Help the patient perform his daily activities. Try to strike a balance between promoting independence and ensuring his safety. Encourage him to walk with assistance. Make sure personal care articles are within easy reach, and provide an obstacle-free course from his bed to the bathroom.
If the patient has sensory deficits, protect him from injury from heat, cold, or pressure. Test his bath water, and reposition him frequently, ensuring a soft, smooth bed surface. Keep his skin clean and dry to prevent breakdown.
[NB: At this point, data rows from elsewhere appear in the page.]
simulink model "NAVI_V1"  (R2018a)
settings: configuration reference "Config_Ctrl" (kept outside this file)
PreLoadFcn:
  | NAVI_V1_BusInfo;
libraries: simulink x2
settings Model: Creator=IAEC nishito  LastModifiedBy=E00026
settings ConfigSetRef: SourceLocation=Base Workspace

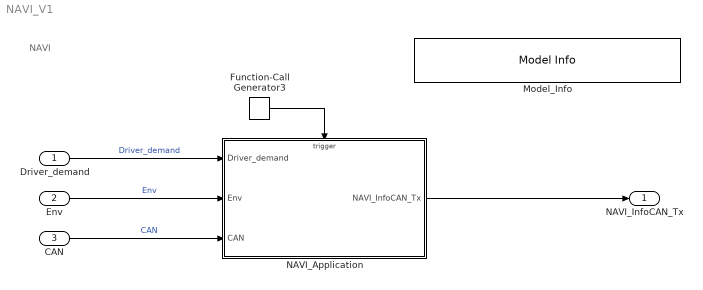
== system NAVI_V1 ==
  note: NAVI
  Driver_demand : Inport  OutDataTypeStr=Bus: Driver_demand_Bus
      settings: AttributesFormatString=<%<OutDataTypeStr>>
  Env : Inport  Port=2  OutDataTypeStr=Bus: Environment_Bus
      settings: AttributesFormatString=<%<OutDataTypeStr>>
  CAN : Inport  Port=3  OutDataTypeStr=Bus: CAN_Bus
      settings: AttributesFormatString=<%<OutDataTypeStr>>
  Function-Call Generator3 : simulink/Ports & Subsystems/Function-Call Generator  sample_time=0.1  numberOfIterations=1
      settings: AttributesFormatString=<sample_time=%<sample_time>>
  Model_Info : simulink/Model-Wide Utilities/Model Info  Frame=on  DisplayStringWithTags=|  HorizontalTextAlignment=Left  LeftAlignmentValue=0.02
      | Version  %<ModelVersion>
      | LastModifided by %<LastModifiedBy>  Date %<LastModificationDate>
      | Description  %<Description>
  NAVI_Application : Subsystem
  NAVI_InfoCAN_Tx : Outport  OutDataTypeStr=Bus: NAVI_InfoCAN_Tx_Bus
      settings: AttributesFormatString=<%<OutDataTypeStr>>
  wires:
  NAVI_Application/1(NAVI_InfoCAN_Tx) -> NAVI_InfoCAN_Tx/1
  CAN/1 -> NAVI_Application/3(CAN)  "CAN"
  Driver_demand/1 -> NAVI_Application/1(Driver_demand)  "Driver_demand"
  Function-Call Generator3/1 -> NAVI_Application/Trigger
  Env/1 -> NAVI_Application/2(Env)  "Env"

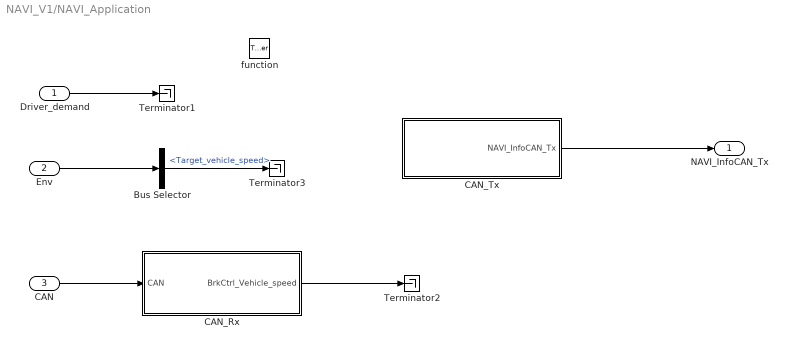
== system NAVI_V1/NAVI_Application ==
  Driver_demand : Inport
  Env : Inport  Port=2
  CAN : Inport  Port=3
  function : TriggerPort  TriggerType=function-call  VariantControl=Variant
  Bus Selector : BusSelector  OutputSignals=Target_vehicle_speed
  CAN_Rx : Subsystem
  CAN_Tx : Subsystem
  Terminator1 : Terminator
  Terminator2 : Terminator
  Terminator3 : Terminator
  NAVI_InfoCAN_Tx : Outport
  wires:
  Driver_demand/1 -> Terminator1/1
  CAN/1 -> CAN_Rx/1(CAN)
  CAN_Rx/1(BrkCtrl_Vehicle_speed) -> Terminator2/1
  Env/1 -> Bus Selector/1
  Bus Selector/1 -> Terminator3/1  "<Target_vehicle_speed>"
  CAN_Tx/1(NAVI_InfoCAN_Tx) -> NAVI_InfoCAN_Tx/1

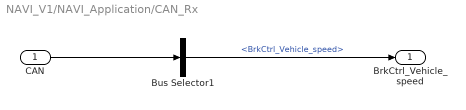
== system NAVI_V1/NAVI_Application/CAN_Rx ==
  CAN : Inport
  Bus Selector1 : BusSelector  OutputSignals=VehCAN.BrakeCtrl_VehCAN_Tx.BrkCtrl_Vehicle_speed
  BrkCtrl_Vehicle_speed : Outport
  wires:
  CAN/1 -> Bus Selector1/1
  Bus Selector1/1 -> BrkCtrl_Vehicle_speed/1  "<BrkCtrl_Vehicle_speed>"

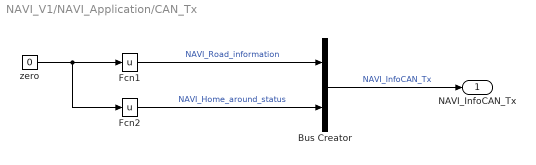
== system NAVI_V1/NAVI_Application/CAN_Tx ==
  Bus Creator : BusCreator  Inputs=2  OutDataTypeStr=Bus: NAVI_InfoCAN_Tx_Bus
      settings: AttributesFormatString=<%<OutDataTypeStr>>
  Fcn1 : Fcn  Expr=u
  Fcn2 : Fcn  Expr=u
  zero : Constant  Value=0
  NAVI_InfoCAN_Tx : Outport
  wires:
  Fcn1/1 -> Bus Creator/1  "NAVI_Road_information"
  zero/1 -> Fcn1/1, Fcn2/1
  Fcn2/1 -> Bus Creator/2  "NAVI_Home_around_status"
  Bus Creator/1 -> NAVI_InfoCAN_Tx/1  "NAVI_InfoCAN_Tx"
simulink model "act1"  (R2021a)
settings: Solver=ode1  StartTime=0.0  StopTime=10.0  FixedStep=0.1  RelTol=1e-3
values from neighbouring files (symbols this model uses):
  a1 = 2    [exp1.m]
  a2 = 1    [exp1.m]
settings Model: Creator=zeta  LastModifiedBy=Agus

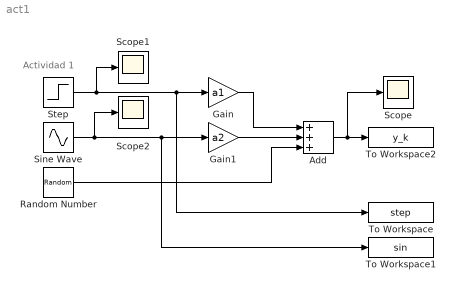
== system act1 ==
  note: Actividad 1
  Add : Sum  Inputs=+++
  Gain : Gain  Gain=a1
  Gain1 : Gain  Gain=a2
  Random Number : RandomNumber  Variance=0.1  Seed=round(rand()*100)  SampleTime=0.1
  Scope : Scope
  Scope1 : Scope
  Scope2 : Scope
  Sine Wave : Sin  Frequency=10  SampleTime=0
  Step : Step  SampleTime=0
  To Workspace : ToWorkspace  VariableName=step  SampleTime=0.5
  To Workspace1 : ToWorkspace  VariableName=sin  SampleTime=0.5
  To Workspace2 : ToWorkspace  VariableName=y_k  SampleTime=0.5
  wires:
  Step/1 -> Scope1/1, To Workspace/1, Gain/1
  Sine Wave/1 -> Scope2/1, Gain1/1, To Workspace1/1
  Gain1/1 -> Add/2
  Gain/1 -> Add/1
  Add/1 -> Scope/1, To Workspace2/1
  Random Number/1 -> Add/3
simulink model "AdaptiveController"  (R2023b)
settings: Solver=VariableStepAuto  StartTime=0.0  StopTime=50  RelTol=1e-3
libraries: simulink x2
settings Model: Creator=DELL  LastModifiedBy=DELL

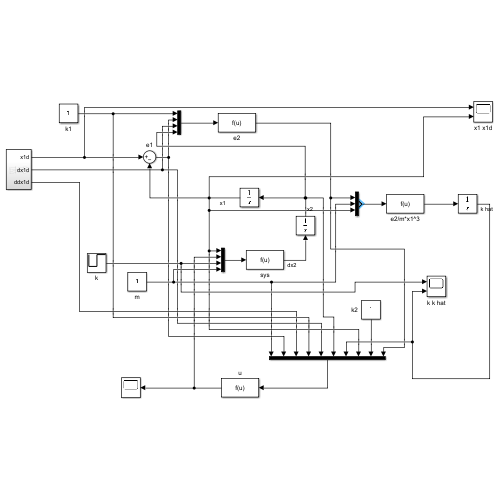
[thumbnail: Simulink's stored preview of the top-level diagram]
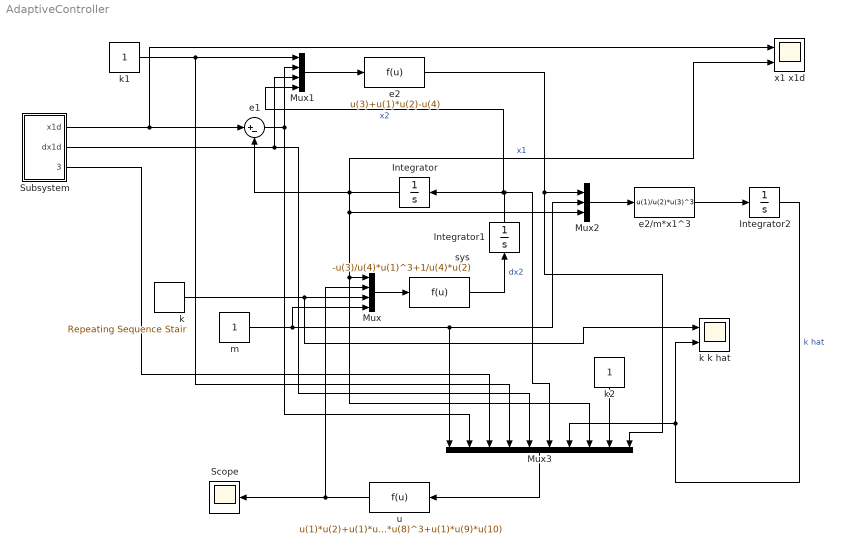
== system AdaptiveController ==
  Integrator : Integrator
  Integrator1 : Integrator
  Integrator2 : Integrator
  Mux : Mux
  Mux1 : Mux
  Mux2 : Mux  Inputs=3
  Mux3 : Mux  Inputs=10
  Scope : Scope
  Subsystem : Subsystem
  e1 : Sum  Inputs=|+-
  e2 : Fcn  Expr=u(3)+u(1)*u(2)-u(4)
  e2/m*x1^3 : Fcn  Expr=u(1)/u(2)*u(3)^3
  k : simulink/Sources/Repeating Sequence Stair  OutValues=[8,10]  tsamp=25  OutMin=[]  OutMax=[]  OutDataTypeStr=double  OutputDataTypeScalingMode=double  OutDataType=fixdt(0,8)  ConRadixGroup=Best Precision: Vector-wise  OutScaling=2^-12
  k k hat : Scope  NumInputPorts=2
  k1 : Constant
  k2 : Constant
  m : Constant
  sys : Fcn  Expr=-u(3)/u(4)*u(1)^3+1/u(4)*u(2)
  u : Fcn  Expr=u(1)*u(2)+u(1)*u(3)+u(1)*u(4)*(u(5)-u(6))+u(7)*u(8)^3+u(1)*u(9)*u(10)
  x1 x1d : Scope  NumInputPorts=2
  wires:
  Integrator/1 -> x1 x1d/2, Mux2/3, Mux3/8, Mux/1, e1/2  "x1"
  Mux/1 -> sys/1
  m/1 -> Mux2/2, Mux3/1, Mux/4
  k/1 -> k k hat/1, Mux/3
  u/1 -> Mux/2, Scope/1
  sys/1 -> Integrator1/1  "dx2"
  Integrator1/1 -> Mux1/4, Integrator/1, Mux3/6  "x2"
  Subsystem/1(x1d) -> x1 x1d/1, e1/1
  Subsystem/2(dx1d) -> Mux3/5, Mux1/3
  k1/1 -> Mux1/1, Mux3/4
  e1/1 -> Mux1/2, Mux3/2
  Mux1/1 -> e2/1
  e2/m*x1^3/1 -> Integrator2/1
  Integrator2/1 -> k k hat/2, Mux3/7  "k hat"
  Mux2/1 -> e2/m*x1^3/1
  e2/1 -> Mux3/10, Mux2/1
  Subsystem/3(ddx1d) -> Mux3/3
  k2/1 -> Mux3/9
  Mux3/1 -> u/1

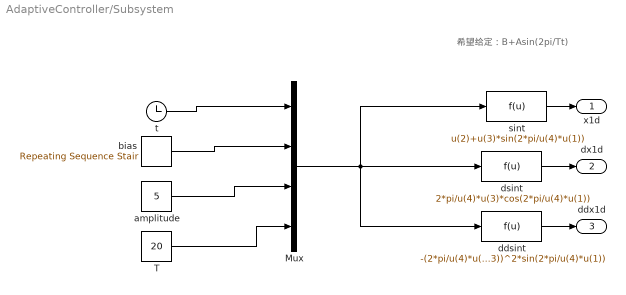
== system AdaptiveController/Subsystem ==
  note: 希望给定：B+Asin(2pi/Tt)
  Mux : Mux
  T : Constant  Value=20
  amplitude : Constant  Value=5
  bias : simulink/Sources/Repeating Sequence Stair  OutValues=[0,1,2,3,4].'  tsamp=-1  OutMin=[]  OutMax=[]  OutDataTypeStr=double  OutputDataTypeScalingMode=double  OutDataType=fixdt(0,8)  ConRadixGroup=Best Precision: Vector-wise  OutScaling=2^-12
  ddsint : Fcn  Expr=-(2*pi/u(4)*u(3))^2*sin(2*pi/u(4)*u(1))
  dsint : Fcn  Expr=2*pi/u(4)*u(3)*cos(2*pi/u(4)*u(1))
  sint : Fcn  Expr=u(2)+u(3)*sin(2*pi/u(4)*u(1))
  t : Clock
  x1d : Outport
  dx1d : Outport  Port=2
  ddx1d : Outport  Port=3
  wires:
  sint/1 -> x1d/1
  dsint/1 -> dx1d/1
  ddsint/1 -> ddx1d/1
  Mux/1 -> ddsint/1, sint/1, dsint/1
  t/1 -> Mux/1
  T/1 -> Mux/4
  amplitude/1 -> Mux/3
  bias/1 -> Mux/2
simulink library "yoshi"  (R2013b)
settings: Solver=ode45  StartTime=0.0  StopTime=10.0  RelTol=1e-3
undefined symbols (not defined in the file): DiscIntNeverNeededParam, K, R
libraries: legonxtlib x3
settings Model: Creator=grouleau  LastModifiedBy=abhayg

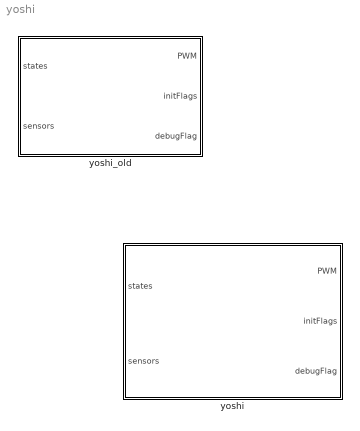
== system yoshi ==
  yoshi : Stateflow chart  TreatAsAtomicUnit=on
      settings: CopyFcn=set_param(gcbh, 'DSMNames', '', 'DSMValues', '', 'CopyFcn', '')
  yoshi_old : Stateflow chart  TreatAsAtomicUnit=on

== system yoshi/yoshi/Yoshi.Speak ==
  f : TriggerPort  TriggerType=function-call
      settings: CopyFcn=Stateflow.SLINSF.SimulinkMan.removeBlockPreDeleteFcn  PreDeleteFcn=Stateflow.SLINSF.SimulinkMan.unsafePredeleteFcn
  Constant : Constant  Value=50
  Speaker : legonxtlib/Speaker  sinputMode=Volume only  sspeakerFreq=800  sspeakerVolume=50  sspeakerDuration=100
  wires:
  Constant/1 -> Speaker/1

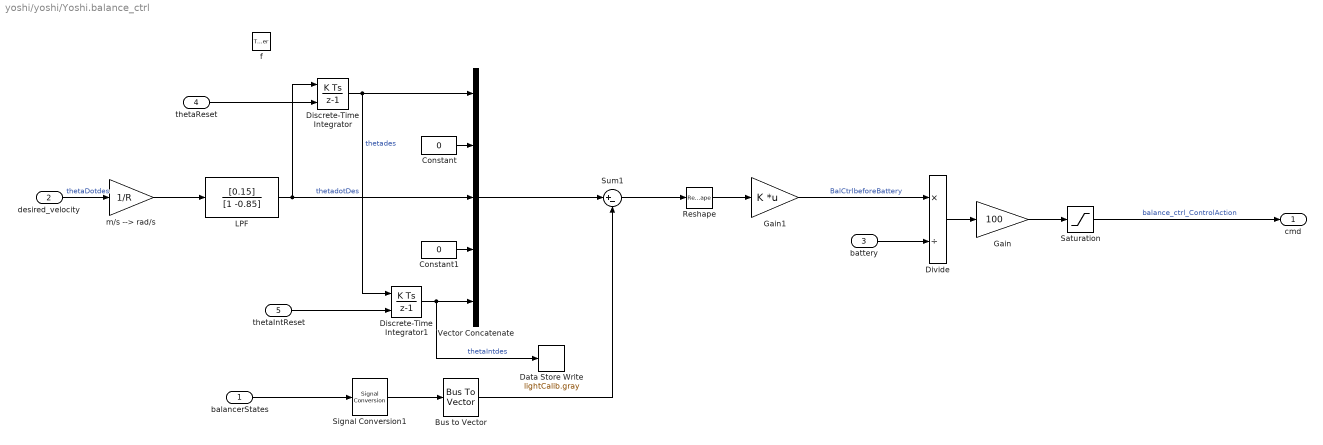
== system yoshi/yoshi/Yoshi.balance_ctrl ==
  balancerStates : Inport  OutDataTypeStr=Bus: Balancer_States_Bus  PortDimensions=1
  desired_velocity : Inport  Port=2  OutDataTypeStr=single  PortDimensions=1  BusOutputAsStruct=on
  battery : Inport  Port=3  OutDataTypeStr=double  PortDimensions=1
  thetaReset : Inport  Port=4  OutDataTypeStr=single  PortDimensions=1  BusOutputAsStruct=on
  thetaIntReset : Inport  Port=5  OutDataTypeStr=single  PortDimensions=1  BusOutputAsStruct=on
  f : TriggerPort  TriggerType=function-call
      settings: CopyFcn=Stateflow.SLINSF.SimulinkMan.removeBlockPreDeleteFcn  PreDeleteFcn=Stateflow.SLINSF.SimulinkMan.unsafePredeleteFcn
  Bus to Vector : BusToVector
  Constant : Constant  Value=0  OutDataTypeStr=single
  Constant1 : Constant  Value=0  OutDataTypeStr=single
  Data Store Write : DataStoreWrite  DataStoreName=lightCalib  DataStoreElements=lightCalib.gray
  Discrete-Time Integrator : DiscreteIntegrator  ExternalReset=rising  SampleTime=-1  ICPrevOutput=DiscIntNeverNeededParam  ICPrevScaledInput=DiscIntNeverNeededParam
  Discrete-Time Integrator1 : DiscreteIntegrator  ExternalReset=rising  SampleTime=-1  ICPrevOutput=DiscIntNeverNeededParam  ICPrevScaledInput=DiscIntNeverNeededParam
  Divide : Product  Inputs=*/
  Gain : Gain  Gain=100
  Gain1 : Gain  Gain=K  Multiplication=Matrix(K*u)
  LPF : DiscreteFilter  Numerator=[0.15]  Denominator=[1 -0.85]
  Reshape : Reshape  OutputDimensionality=Column vector (2-D)
  Saturation : Saturate  UpperLimit=100  LowerLimit=-100  OutDataTypeStr=single
  Signal Conversion1 : SignalConversion  ConversionOutput=Virtual bus
  Sum1 : Sum  Inputs=|+-
  Vector Concatenate : Concatenate  NumInputs=5
  m/s --> rad/s : Gain  Gain=1/R
  cmd : Outport  OutDataTypeStr=single  PortDimensions=1  InitialOutput=0
  wires:
  Discrete-Time Integrator1/1 -> Data Store Write/1, Vector Concatenate/5  "thetaIntdes"
  Discrete-Time Integrator/1 -> Vector Concatenate/1, Discrete-Time Integrator1/1  "thetades"
  Constant1/1 -> Vector Concatenate/4
  LPF/1 -> Vector Concatenate/3, Discrete-Time Integrator/1  "thetadotDes"
  Constant/1 -> Vector Concatenate/2
  m/s --> rad/s/1 -> LPF/1
  Signal Conversion1/1 -> Bus to Vector/1
  Divide/1 -> Gain/1
  Gain/1 -> Saturation/1
  Gain1/1 -> Divide/1  "BalCtrlbeforeBattery"
  Saturation/1 -> cmd/1  "balance_ctrl_ControlAction"
  battery/1 -> Divide/2
  Vector Concatenate/1 -> Sum1/1
  balancerStates/1 -> Signal Conversion1/1
  Bus to Vector/1 -> Sum1/2
  desired_velocity/1 -> m/s --> rad/s/1  "thetaDotdes"
  Sum1/1 -> Reshape/1
  Reshape/1 -> Gain1/1
  thetaReset/1 -> Discrete-Time Integrator/2
  thetaIntReset/1 -> Discrete-Time Integrator1/2

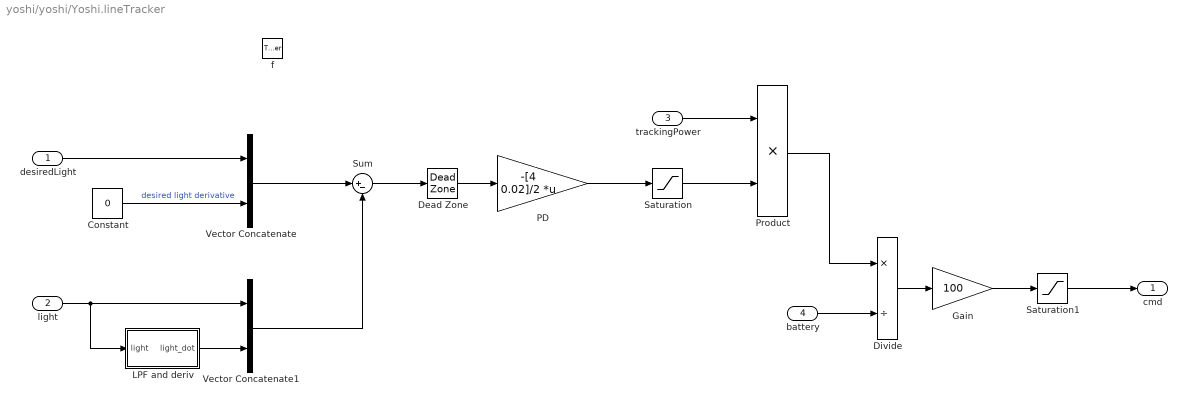
== system yoshi/yoshi/Yoshi.lineTracker ==
  desiredLight : Inport  OutDataTypeStr=single  PortDimensions=1
  light : Inport  Port=2  OutDataTypeStr=single  PortDimensions=1
  trackingPower : Inport  Port=3  OutDataTypeStr=single  PortDimensions=1
  battery : Inport  Port=4  OutDataTypeStr=double  PortDimensions=1
  f : TriggerPort  TriggerType=function-call
      settings: CopyFcn=Stateflow.SLINSF.SimulinkMan.removeBlockPreDeleteFcn  PreDeleteFcn=Stateflow.SLINSF.SimulinkMan.unsafePredeleteFcn
  Constant : Constant  Value=0  OutDataTypeStr=single
  Dead Zone : DeadZone  LowerValue=-0.02  UpperValue=0.02  SaturateOnIntegerOverflow=on
  Divide : Product  Inputs=*/
  Gain : Gain  Gain=100
  LPF and deriv : Subsystem
  PD : Gain  Gain="-[4  0.02]/2"  Multiplication=Matrix(K*u)
  Product : Product
  Saturation : Saturate  UpperLimit=6  LowerLimit=-6
  Saturation1 : Saturate  UpperLimit=100  LowerLimit=-100  OutDataTypeStr=single
  Sum : Sum  Inputs=|+-
  Vector Concatenate : Concatenate
  Vector Concatenate1 : Concatenate
  cmd : Outport  OutDataTypeStr=single  PortDimensions=1
  wires:
  Divide/1 -> Gain/1
  Gain/1 -> Saturation1/1
  battery/1 -> Divide/2
  Saturation1/1 -> cmd/1
  Product/1 -> Divide/1
  trackingPower/1 -> Product/1
  Saturation/1 -> Product/2
  PD/1 -> Saturation/1
  Dead Zone/1 -> PD/1
  Sum/1 -> Dead Zone/1
  Vector Concatenate1/1 -> Sum/2
  Vector Concatenate/1 -> Sum/1
  light/1 -> Vector Concatenate1/1, LPF and deriv/1(light)
  LPF and deriv/1(light_dot) -> Vector Concatenate1/2
  Constant/1 -> Vector Concatenate/2  "desired light derivative"
  desiredLight/1 -> Vector Concatenate/1

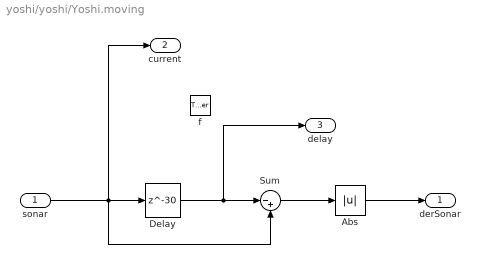
== system yoshi/yoshi/Yoshi.moving ==
  sonar : Inport  OutDataTypeStr=single  PortDimensions=1
  f : TriggerPort  TriggerType=function-call
      settings: CopyFcn=Stateflow.SLINSF.SimulinkMan.removeBlockPreDeleteFcn  PreDeleteFcn=Stateflow.SLINSF.SimulinkMan.unsafePredeleteFcn
  Abs : Abs
  Delay : Delay  DelayLength=30  InitialCondition=0
  Sum : Sum  Inputs=|-+
  derSonar : Outport  OutDataTypeStr=single
  current : Outport  Port=2  OutDataTypeStr=single
  delay : Outport  Port=3  OutDataTypeStr=single
  wires:
  Delay/1 -> delay/1, Sum/1
  sonar/1 -> current/1, Sum/2, Delay/1
  Sum/1 -> Abs/1
  Abs/1 -> derSonar/1

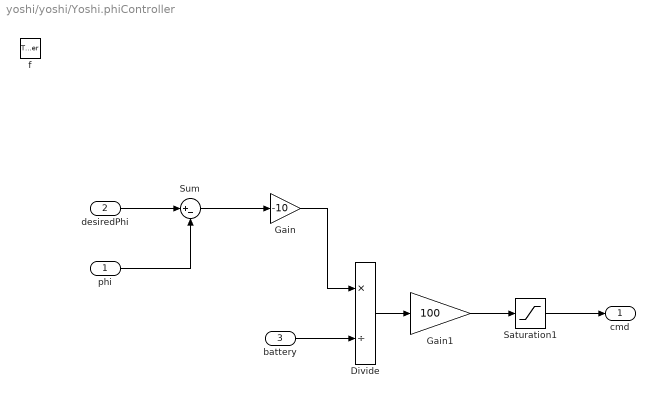
== system yoshi/yoshi/Yoshi.phiController ==
  phi : Inport  OutDataTypeStr=single  PortDimensions=1
  desiredPhi : Inport  Port=2  OutDataTypeStr=single  PortDimensions=1
  battery : Inport  Port=3  OutDataTypeStr=double  PortDimensions=1
  f : TriggerPort  TriggerType=function-call
      settings: CopyFcn=Stateflow.SLINSF.SimulinkMan.removeBlockPreDeleteFcn  PreDeleteFcn=Stateflow.SLINSF.SimulinkMan.unsafePredeleteFcn
  Divide : Product  Inputs=*/
  Gain : Gain  Gain=-10
  Gain1 : Gain  Gain=100
  Saturation1 : Saturate  UpperLimit=100  LowerLimit=-100  OutDataTypeStr=single
  Sum : Sum  Inputs=|+-
  cmd : Outport
  wires:
  Saturation1/1 -> cmd/1
  Gain/1 -> Divide/1
  Divide/1 -> Gain1/1
  Gain1/1 -> Saturation1/1
  battery/1 -> Divide/2
  Sum/1 -> Gain/1
  phi/1 -> Sum/2
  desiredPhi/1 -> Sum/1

Perform or encourage range-of-motion exercises. Also encourage a balanced diet with plenty of protein and adequate hydration.
Hypoactive DTRs commonly occur in children with muscular dystrophy, Friedreich’s ataxia, syringomyelia, or a spinal cord injury. They also accompany progressive muscular atrophy, which affects preschoolers and adolescents.
Use distraction techniques to test DTRs; assess motor function by watching the infant or child at play.